Outputs the differential pulse F, the pulse width of "1" is 2T
The pulse signal I of d is output.

Similarly, the delay circuit 5B outputs the differential pulse K to the upper side after Td when the fall detection circuit 4 outputs the differential pulse J, and outputs the differential pulse L to the lower side after 2Td. When the fall detection circuit 4 outputs the differential pulse J, the monostable circuit 6B outputs a pulse signal M having a pulse width of "1" of 2Td. Gate circuit 7
A, when the output signal M of the monostable circuit 6B is "1", blocks the passage of the signal H from the delay circuit 5A, and the gate circuit 7B delays when the output signal I of the monostable circuit 6A is "1". Block the passage of signal L from circuit 5B.

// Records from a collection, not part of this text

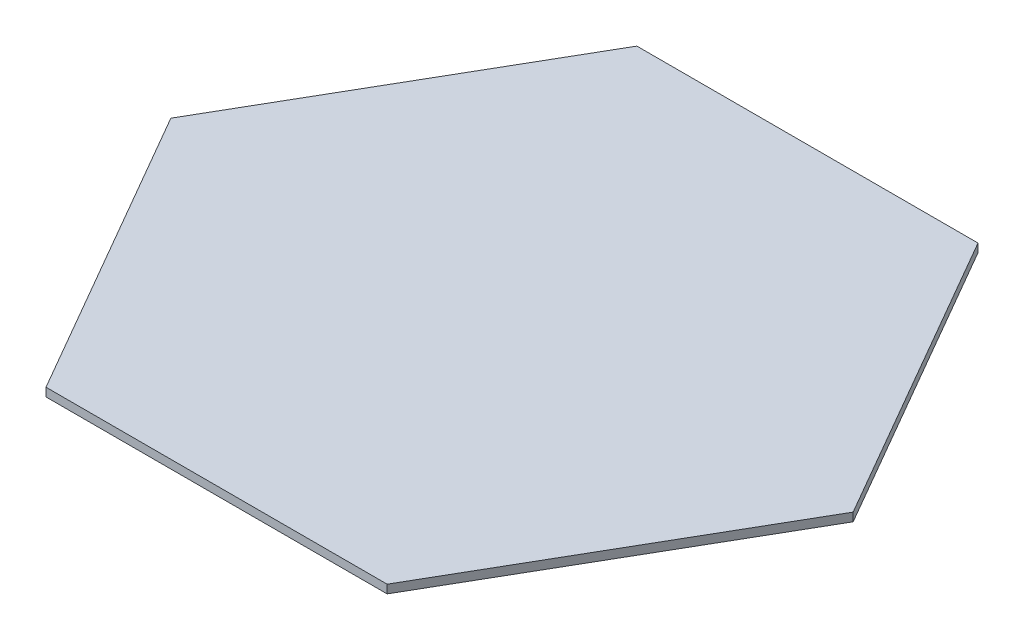
SolidWorks part; units mm, degrees
ref_plane "Front Plane" through (0, 0, 0) normal (0, 0, 1) x (1, 0, 0)
ref_plane "Top Plane" through (0, 0, 0) normal (0, 1, 0) x (1, 0, 0)
ref_plane "Right Plane" through (0, 0, 0) normal (1, 0, 0) x (0, 0, -1)
sketch "Sketch2" plane through (0, 0, 0) normal (0, 1, 0) x (1, 0, 0)
  line L1 (161.6581, 0) -> (80.829, 140)
  line L2 (80.829, 140) -> (-80.829, 140)
  line L3 (-80.829, 140) -> (-161.6581, 0)
  line L4 (-161.6581, 0) -> (-80.829, -140)
  line L5 (-80.829, -140) -> (80.829, -140)
  line L6 (80.829, -140) -> (161.6581, 0)
  circle A0 centre (0, 0) radius 140 construction
  dimension "D1" = 280
extrude "Boss-Extrude1" add sketch "Sketch2" along normal blind 4
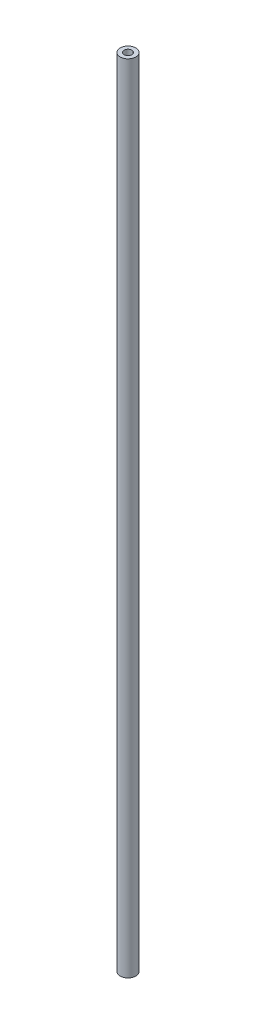
SolidWorks part; units mm, degrees
material "Thornel VCB-20 碳布"
ref_plane "前视基准面" through (0, 0, 0) normal (0, 0, 1) x (1, 0, 0)
ref_plane "上视基准面" through (0, 0, 0) normal (0, 1, 0) x (1, 0, 0)
ref_plane "右视基准面" through (0, 0, 0) normal (1, 0, 0) x (0, 0, -1)
other "Configuration Table"
sketch "草图1" plane through (0, 0, 0) normal (0, 1, 0) x (1, 0, 0)
  circle A0 centre (0, 0) radius 3
  circle A1 centre (0, 0) radius 1.5
  dimension "D1" = 6
  dimension "D2" = 3
extrude "凸台-拉伸1" add sketch "草图1" along normal blind 303.8

When the current polarity of the power converter is i (+), the set signal of the holding circuit 10A is the changeover switch 8
G is selected by A, and K is selected by the changeover switch 8C as the reset signal. In addition, the holding circuit 10
For the set signal of B, P is selected by the changeover switch 8D, and for the reset signal, F is selected by the changeover switch 8B. The output signals Q and R of the holding circuits 10A and 10B are drive signals of the semiconductor switches S1 and S4, and the semiconductor switches S1 and S4 are controlled to be turned on and off via the drive circuit 11. DC voltage E of voltage source power converter
When the potential difference between the negative side of d and the output voltage is V0, when the current polarity is i (+), the semiconductor switch S1 is turned on and off,
That is, V0 is determined by the drive signal Q. Therefore, regardless of the pulse width of the PWM signal A, the voltage waveform of V0 only lags the dead time Td with respect to the PWM signal A as a whole, and the duty of "1" and "0" becomes equal to that of the PWM signal A.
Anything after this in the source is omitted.